The researchers looked into the thriving counterfeit business based out of Argentina, the diamond trade originating from Sierra Leone, the illegal trading of rhinoceros horns, and white-collar crimes that occur in the financial markets.

Summary

  • A black market is a system that exists in violation of the rules or laws in a place where such a system operates. It is an economic activity that exists and functions beyond the purview of sanctioned channels.
  • It is non-compliant to institutionalized parameters and hence illegal.
  • The process of trade in such a scenario sidesteps legitimate taxation and other government controls, and the proceeds can be termed as black money.

How It Works

As per Jens Beckert, director of the Max Planck Institute for the Study of Societies (MPIfG), the sheer volume of the illegal market is of great social and economic interest. Indirectly, a study into such a system also allows an understanding of the legal markets. The dynamics between black-market participants is an ecosystem that exists beyond the scope of any legal recourse in case of any dispute, leading to an immense impact on the market’s operational side.

Personal networks are the preferred system; it virtually exists on a bond of trust. This makes it difficult for black market businesses to expand. Beckert’s research also looked into the cooperation between business players in the absence of legal protection and government sanctity in the black market.

The study also provided insights into the slim demarcation between legal and illegal market aspects, especially in white-collar or financial market crimes. Within the parameters of entirely legal market structures, illegal activities can take place undetected or unpunished.

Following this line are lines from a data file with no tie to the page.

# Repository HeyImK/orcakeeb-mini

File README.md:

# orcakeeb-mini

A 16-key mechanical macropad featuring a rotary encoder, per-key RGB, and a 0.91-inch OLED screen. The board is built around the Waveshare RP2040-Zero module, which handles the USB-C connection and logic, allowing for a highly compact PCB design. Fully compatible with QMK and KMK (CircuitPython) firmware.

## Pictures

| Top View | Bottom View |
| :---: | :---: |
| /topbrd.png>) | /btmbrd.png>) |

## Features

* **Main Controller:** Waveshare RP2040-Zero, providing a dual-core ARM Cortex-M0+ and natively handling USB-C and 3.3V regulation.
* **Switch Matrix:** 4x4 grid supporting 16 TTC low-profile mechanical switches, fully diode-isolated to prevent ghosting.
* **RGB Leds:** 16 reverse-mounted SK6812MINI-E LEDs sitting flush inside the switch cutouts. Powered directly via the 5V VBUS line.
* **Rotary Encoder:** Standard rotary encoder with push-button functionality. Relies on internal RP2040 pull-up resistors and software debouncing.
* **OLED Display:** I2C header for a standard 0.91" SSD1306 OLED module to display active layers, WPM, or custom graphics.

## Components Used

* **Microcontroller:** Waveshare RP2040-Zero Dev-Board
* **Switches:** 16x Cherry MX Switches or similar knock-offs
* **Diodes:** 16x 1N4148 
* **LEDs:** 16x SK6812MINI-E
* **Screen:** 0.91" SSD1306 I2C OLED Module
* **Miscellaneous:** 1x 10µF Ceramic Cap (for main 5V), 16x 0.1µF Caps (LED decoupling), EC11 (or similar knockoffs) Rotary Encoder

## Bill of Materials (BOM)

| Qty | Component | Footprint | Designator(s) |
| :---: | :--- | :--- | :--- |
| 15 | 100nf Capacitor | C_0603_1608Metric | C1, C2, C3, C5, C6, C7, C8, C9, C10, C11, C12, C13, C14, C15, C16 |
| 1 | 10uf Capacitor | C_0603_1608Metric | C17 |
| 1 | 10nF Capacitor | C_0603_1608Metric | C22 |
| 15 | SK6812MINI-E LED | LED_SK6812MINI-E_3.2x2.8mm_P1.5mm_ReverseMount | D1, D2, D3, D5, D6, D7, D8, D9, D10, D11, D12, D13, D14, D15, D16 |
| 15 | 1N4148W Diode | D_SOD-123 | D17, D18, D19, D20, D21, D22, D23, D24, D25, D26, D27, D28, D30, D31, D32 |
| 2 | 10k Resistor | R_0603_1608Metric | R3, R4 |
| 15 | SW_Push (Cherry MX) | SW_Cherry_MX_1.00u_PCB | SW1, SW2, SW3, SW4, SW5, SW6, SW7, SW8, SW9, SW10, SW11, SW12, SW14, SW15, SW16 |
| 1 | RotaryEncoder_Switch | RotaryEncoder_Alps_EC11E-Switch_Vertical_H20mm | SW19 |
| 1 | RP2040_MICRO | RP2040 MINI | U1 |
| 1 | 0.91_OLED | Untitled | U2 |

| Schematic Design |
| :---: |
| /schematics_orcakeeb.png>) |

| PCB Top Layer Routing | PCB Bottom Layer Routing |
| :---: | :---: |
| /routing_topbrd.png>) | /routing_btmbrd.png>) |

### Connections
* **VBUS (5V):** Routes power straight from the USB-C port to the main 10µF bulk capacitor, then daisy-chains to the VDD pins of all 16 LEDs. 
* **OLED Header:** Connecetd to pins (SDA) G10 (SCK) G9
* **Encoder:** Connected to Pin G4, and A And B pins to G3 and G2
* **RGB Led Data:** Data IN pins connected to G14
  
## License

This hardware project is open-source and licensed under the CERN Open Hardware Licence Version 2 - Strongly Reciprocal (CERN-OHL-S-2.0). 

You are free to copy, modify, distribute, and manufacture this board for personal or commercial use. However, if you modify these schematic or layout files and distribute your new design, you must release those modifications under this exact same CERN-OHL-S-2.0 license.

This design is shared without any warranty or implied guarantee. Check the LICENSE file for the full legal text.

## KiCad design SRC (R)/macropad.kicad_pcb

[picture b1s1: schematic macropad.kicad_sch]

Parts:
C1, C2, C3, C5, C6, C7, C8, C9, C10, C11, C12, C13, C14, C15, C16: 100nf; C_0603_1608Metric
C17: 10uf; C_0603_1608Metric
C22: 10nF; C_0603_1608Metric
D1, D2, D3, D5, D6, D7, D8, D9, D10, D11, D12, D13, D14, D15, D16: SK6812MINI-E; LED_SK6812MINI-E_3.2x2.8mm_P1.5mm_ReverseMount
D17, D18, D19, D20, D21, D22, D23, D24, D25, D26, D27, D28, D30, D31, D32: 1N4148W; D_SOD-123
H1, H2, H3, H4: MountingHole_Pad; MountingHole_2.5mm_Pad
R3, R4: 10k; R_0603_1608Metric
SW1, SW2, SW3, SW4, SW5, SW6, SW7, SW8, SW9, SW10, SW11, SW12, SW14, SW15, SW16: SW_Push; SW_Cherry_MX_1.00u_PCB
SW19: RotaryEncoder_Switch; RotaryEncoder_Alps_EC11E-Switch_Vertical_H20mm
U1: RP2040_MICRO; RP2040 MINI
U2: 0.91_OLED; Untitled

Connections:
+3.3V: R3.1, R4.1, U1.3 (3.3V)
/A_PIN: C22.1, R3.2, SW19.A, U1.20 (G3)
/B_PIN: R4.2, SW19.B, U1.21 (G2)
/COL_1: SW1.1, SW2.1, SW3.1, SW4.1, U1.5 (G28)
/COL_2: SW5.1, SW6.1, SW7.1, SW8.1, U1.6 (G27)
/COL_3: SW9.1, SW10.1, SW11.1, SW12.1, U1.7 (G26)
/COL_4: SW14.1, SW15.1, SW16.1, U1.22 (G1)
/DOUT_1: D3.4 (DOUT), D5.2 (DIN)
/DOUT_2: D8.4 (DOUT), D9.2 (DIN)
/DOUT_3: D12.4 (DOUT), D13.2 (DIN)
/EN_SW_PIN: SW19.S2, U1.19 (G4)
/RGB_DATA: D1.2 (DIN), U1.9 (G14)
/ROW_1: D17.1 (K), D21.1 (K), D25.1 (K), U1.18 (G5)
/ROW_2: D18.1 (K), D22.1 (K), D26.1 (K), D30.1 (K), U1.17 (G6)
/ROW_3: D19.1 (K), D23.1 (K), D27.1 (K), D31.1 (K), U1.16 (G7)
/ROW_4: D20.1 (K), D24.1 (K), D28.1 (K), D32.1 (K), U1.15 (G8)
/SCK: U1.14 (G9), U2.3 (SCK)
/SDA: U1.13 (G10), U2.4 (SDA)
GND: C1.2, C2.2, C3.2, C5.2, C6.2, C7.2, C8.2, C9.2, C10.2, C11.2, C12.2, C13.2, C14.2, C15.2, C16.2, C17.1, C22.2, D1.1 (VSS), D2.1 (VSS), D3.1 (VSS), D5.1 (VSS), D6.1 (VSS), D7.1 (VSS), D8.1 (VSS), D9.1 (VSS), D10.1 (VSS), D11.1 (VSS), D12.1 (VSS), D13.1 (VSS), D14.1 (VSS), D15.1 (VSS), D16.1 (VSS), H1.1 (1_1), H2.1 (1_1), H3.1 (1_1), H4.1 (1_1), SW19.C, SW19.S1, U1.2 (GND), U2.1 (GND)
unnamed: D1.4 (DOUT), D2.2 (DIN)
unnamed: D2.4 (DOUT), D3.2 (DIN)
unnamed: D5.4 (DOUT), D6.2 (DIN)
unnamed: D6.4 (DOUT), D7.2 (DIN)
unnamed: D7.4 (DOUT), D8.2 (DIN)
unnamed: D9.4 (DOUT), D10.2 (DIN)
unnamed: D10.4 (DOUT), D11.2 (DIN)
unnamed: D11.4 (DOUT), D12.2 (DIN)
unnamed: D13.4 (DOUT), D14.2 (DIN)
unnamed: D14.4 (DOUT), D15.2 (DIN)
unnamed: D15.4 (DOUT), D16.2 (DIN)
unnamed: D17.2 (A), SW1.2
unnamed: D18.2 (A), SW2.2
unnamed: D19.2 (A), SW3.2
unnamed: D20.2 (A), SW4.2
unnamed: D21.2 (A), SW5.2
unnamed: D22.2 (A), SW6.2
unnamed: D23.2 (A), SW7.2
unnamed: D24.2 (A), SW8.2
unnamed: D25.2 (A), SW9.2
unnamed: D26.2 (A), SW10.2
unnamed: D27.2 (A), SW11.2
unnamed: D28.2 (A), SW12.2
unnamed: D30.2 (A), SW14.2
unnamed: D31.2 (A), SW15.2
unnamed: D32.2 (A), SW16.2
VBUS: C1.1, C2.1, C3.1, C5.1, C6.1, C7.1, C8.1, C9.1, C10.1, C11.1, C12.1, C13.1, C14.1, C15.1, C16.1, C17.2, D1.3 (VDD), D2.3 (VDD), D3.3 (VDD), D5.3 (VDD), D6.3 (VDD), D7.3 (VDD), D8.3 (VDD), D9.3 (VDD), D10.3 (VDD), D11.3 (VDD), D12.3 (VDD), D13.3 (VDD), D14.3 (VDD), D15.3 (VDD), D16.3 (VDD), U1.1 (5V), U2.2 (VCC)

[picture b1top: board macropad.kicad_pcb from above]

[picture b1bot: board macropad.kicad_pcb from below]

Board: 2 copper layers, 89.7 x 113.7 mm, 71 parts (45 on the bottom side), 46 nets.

Symbiotic Relationship between Legal and Black Markets

Legal bans sometimes lead to the creation of a black market, which then makes it difficult to eliminate. A Stanford University research titled “Forbidden Transactions and Black Markets” by Chenlin Gu, Alvin E Roth, and Qingyun Wu goes on to say that legal marketplaces attract participants by trying to make the market safe and reliable.

The concept of penalization acts as a deterrent towards unlawful activities in the black market. However, sometimes, such legal penalties are insufficient and provide little social stigma, and hence do not hinder participation in the black market.

As illegal trading gathers volume, it organically allows more participants to continue to trade and avoid legal penalization. Consequently, black markets become difficult to eliminate if they operate for a prolonged period of time. Although policymakers can influence the extent of antipathy towards the black market by educating the public and sustained public relations, it often proves very difficult.

The black market represents almost a fifth of the global economic activity, a National Bureau of Economic Research study states. Authors Solomon Hsiang and Nitin Sekar, in “Does Legalization Reduce Black Market Activity? Evidence from a Global Ivory Experiment and Elephant Poaching Data,” go on to evaluate the first-ever global legalization experiment carried on in an internationally banned market. The findings are surprising.

They chart a 66% increase in the illegal ivory trade that aligned with the announcement of legalizing ivory sales. Further study of various data available on the black market implies that an increase in elephant poaching was linked with the legal sale. The authors show that partial legalization of banned goods does not reduce black market activity effectively.